▶ [Data shown]:
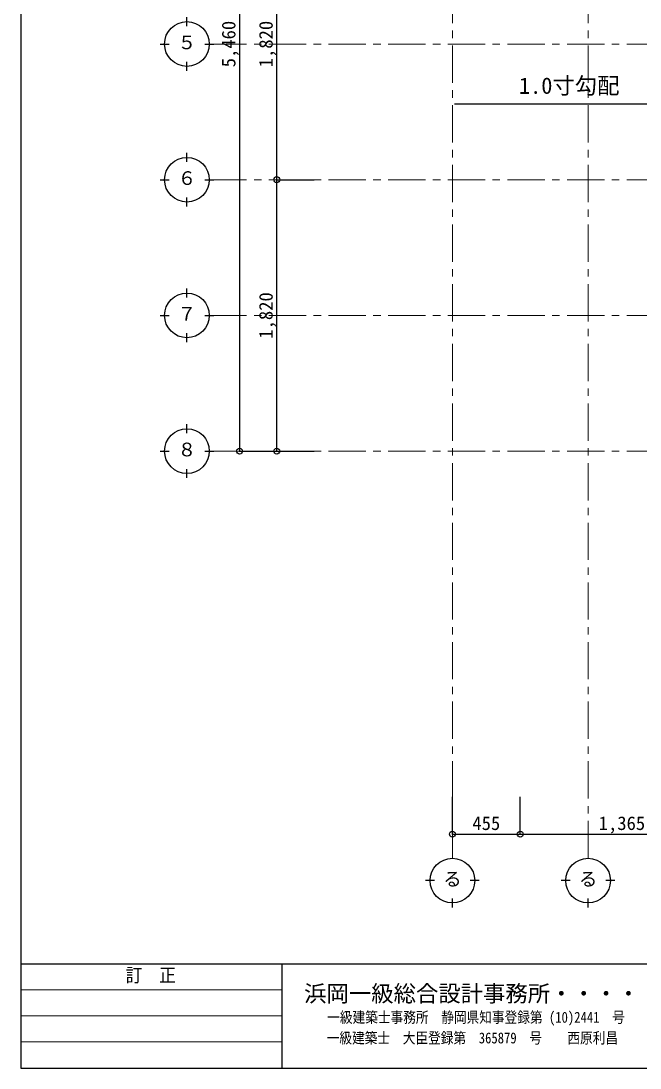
# Model space of a CAD drawing. Units: millimetres at full size, sheet at 1:50. Extents: x -21826 to 54909, y -26252 to 22610.
# Drawn here: x 13302 to 17455, y 8810 to 15832 of the extents above; entities that cross this region are included whole.
import ezdxf
from ezdxf.enums import TextEntityAlignment as Align

# ---------------------------------------------------------------- set-up
doc = ezdxf.new("R2010")
doc.units = ezdxf.units.MM
doc.header["$LTSCALE"] = 50
doc.header["$PDMODE"] = 32
doc.header["$PDSIZE"] = 40
doc.linetypes.add('CHAIN1', pattern=[8, 5, -1, 1, -1])
for name, color, linetype, lineweight in [('3-1_通り芯・通り番号', 7, 'Continuous', 25), ('3-A_文字', 7, 'Continuous', 25), ('3-F_寸法・方位', 7, 'Continuous', 25), ('F-F_図面枠（共通）', 7, 'Continuous', 25)]:
    doc.layers.add(name, color=color, linetype=linetype, lineweight=lineweight)
doc.styles.add('ＭＳ ゴシック', font='')
doc.styles.get('ＭＳ ゴシック').set_extended_font_data('MS Gothic')

msp = doc.modelspace()

# ---------------------------------------------------------------- linework, layer by layer
at = {"layer": '3-1_通り芯・通り番号', "color": 1, "linetype": 'CHAIN1', "lineweight": 18}
for p, q in [((16196.21, 10217.22), (16196.21, 22010.74)), ((17106.21, 10217.22), (17106.21, 22010.74)), ((14565.29, 15677.22), (28820.91, 15677.22)), ((14565.29, 14767.22), (28820.91, 14767.22)), ((14565.29, 13857.22), (28820.91, 13857.22)), ((14565.29, 12947.22), (28820.91, 12947.22))]:
    msp.add_line(p, q, dxfattribs=at)
at = {"layer": '3-1_通り芯・通り番号'}
for p, q in [((14415.29, 15797.22), (14415.29, 15857.22)), ((14235.29, 15677.22), (14295.29, 15677.22)), ((14535.29, 15677.22), (14595.29, 15677.22)), ((14415.29, 15497.22), (14415.29, 15557.22)), ((14415.29, 14887.22), (14415.29, 14947.22)), ((14235.29, 14767.22), (14295.29, 14767.22)), ((14535.29, 14767.22), (14595.29, 14767.22)), ((14415.29, 14587.22), (14415.29, 14647.22)), ((14415.29, 13977.22), (14415.29, 14037.22)), ((14235.29, 13857.22), (14295.29, 13857.22)), ((14535.29, 13857.22), (14595.29, 13857.22)), ((14415.29, 13677.22), (14415.29, 13737.22)), ((14415.29, 13067.22), (14415.29, 13127.22)), ((14235.29, 12947.22), (14295.29, 12947.22)), ((14535.29, 12947.22), (14595.29, 12947.22)), ((14415.29, 12767.22), (14415.29, 12827.22)), ((16076.21, 10067.22), (16016.21, 10067.22)), ((16376.21, 10067.22), (16316.21, 10067.22)), ((16986.21, 10067.22), (16926.21, 10067.22)), ((17286.21, 10067.22), (17226.21, 10067.22)), ((16196.21, 9887.22), (16196.21, 9947.22)), ((17106.21, 9887.22), (17106.21, 9947.22))]:
    msp.add_line(p, q, dxfattribs=at)
for centre in [(14415.29, 15677.22), (14415.29, 14767.22), (14415.29, 13857.22), (14415.29, 12947.22), (16196.21, 10067.22), (17106.21, 10067.22)]:
    msp.add_circle(centre, 150, dxfattribs=at)
at = {"layer": '3-F_寸法・方位'}
for p, q in [((14768.14, 18407.22), (14768.14, 12947.22)), ((15018.14, 14767.22), (15018.14, 16587.22)), ((16210.86, 15276.39), (17971.55, 15276.39)), ((15018.14, 12947.22), (15018.14, 14767.22)), ((15018.14, 14767.22), (15268.14, 14767.22)), ((14768.14, 12947.22), (15018.14, 12947.22)), ((15018.14, 12947.22), (15268.14, 12947.22)), ((15018.14, 12947.22), (15268.14, 12947.22)), ((16196.21, 10379.03), (16196.21, 10629.03)), ((16651.21, 10379.03), (16651.21, 10629.03)), ((16196.21, 10379.03), (16651.21, 10379.03)), ((16651.21, 10379.03), (18016.21, 10379.03))]:
    msp.add_line(p, q, dxfattribs=at)
for p in [(15018.14, 14767.22), (14768.14, 12947.22), (15018.14, 12947.22), (16196.21, 10379.03), (16651.21, 10379.03)]:
    msp.add_point(p, dxfattribs=at)
at = {"layer": 'F-F_図面枠（共通）'}
for p, q in [((13301.73, 22610.29), (13301.73, 8810.29)), ((13301.73, 9510.29), (33101.73, 9510.29)), ((15051.73, 9510.29), (15051.73, 8810.29)), ((13301.73, 8810.29), (33101.73, 8810.29))]:
    msp.add_line(p, q, dxfattribs=at)
at = {"layer": 'F-F_図面枠（共通）', "color": 4, "lineweight": 9}
for p, q in [((13301.73, 9335.29), (15051.73, 9335.29)), ((13301.73, 9160.29), (15051.73, 9160.29)), ((13301.73, 8985.29), (15051.73, 8985.29))]:
    msp.add_line(p, q, dxfattribs=at)

# ---------------------------------------------------------------- texts
at = {"layer": '3-A_文字', "style": 'ＭＳ ゴシック'}
for s, height, p in [('５', 91.64, (14352.79, 15614.72)), ('1.0寸勾配', 110, (16642.53, 15309.99)), ('６', 91.64, (14352.79, 14704.72)), ('７', 91.64, (14352.79, 13794.72)), ('８', 91.64, (14352.79, 12884.72)), ('る', 91.64, (16133.71, 10004.72)), ('る', 91.64, (17043.71, 10004.72))]:
    msp.add_text(s, height=height, dxfattribs=at).set_placement(p, align=Align.BOTTOM_LEFT)
at = {"layer": '3-F_寸法・方位', "style": 'ＭＳ ゴシック'}
for s, p in [('5,460', (14768.14, 15520.97)), ('1,820', (15018.14, 15520.97)), ('1,820', (15018.14, 13700.97))]:
    msp.add_text(s, height=91.64, rotation=90, dxfattribs=at).set_placement(p, align=Align.BOTTOM_LEFT)
for s, p in [('455', (16329.96, 10379.03)), ('1,365', (17177.46, 10379.03))]:
    msp.add_text(s, height=91.64, dxfattribs=at).set_placement(p, align=Align.BOTTOM_LEFT)
at = {"layer": 'F-F_図面枠（共通）', "style": 'ＭＳ ゴシック'}
for s, height, width, p in [('訂\u3000正', 91.64, 0.9, (14004.23, 9360.29)), ('一級建築士事務所\u3000静岡県知事登録第 (10)2441\u3000号', 73.31, 0.85, (15356.38, 9092.25)), ('一級建築士\u3000大臣登録第\u3000365879\u3000号\u3000\u3000西原利昌', 73.31, 0.85, (15353, 8953.66))]:
    msp.add_text(s, height=height, dxfattribs=dict(at, width=width)).set_placement(p, align=Align.BOTTOM_LEFT)
msp.add_text('浜岡一級総合設計事務所・・・・', height=110, dxfattribs=at).set_placement((15201.36, 9222), align=Align.BOTTOM_LEFT)

doc.saveas('drawing.dxf')

▶ [What you need to do]:
The records are given above. Copy each line in them that holds "ゴシック".

▶ [Task output]:
doc.styles.add('ＭＳ ゴシック', font='')
doc.styles.get('ＭＳ ゴシック').set_extended_font_data('MS Gothic')
at = {"layer": '3-A_文字', "style": 'ＭＳ ゴシック'}
at = {"layer": '3-F_寸法・方位', "style": 'ＭＳ ゴシック'}
at = {"layer": 'F-F_図面枠（共通）', "style": 'ＭＳ ゴシック'}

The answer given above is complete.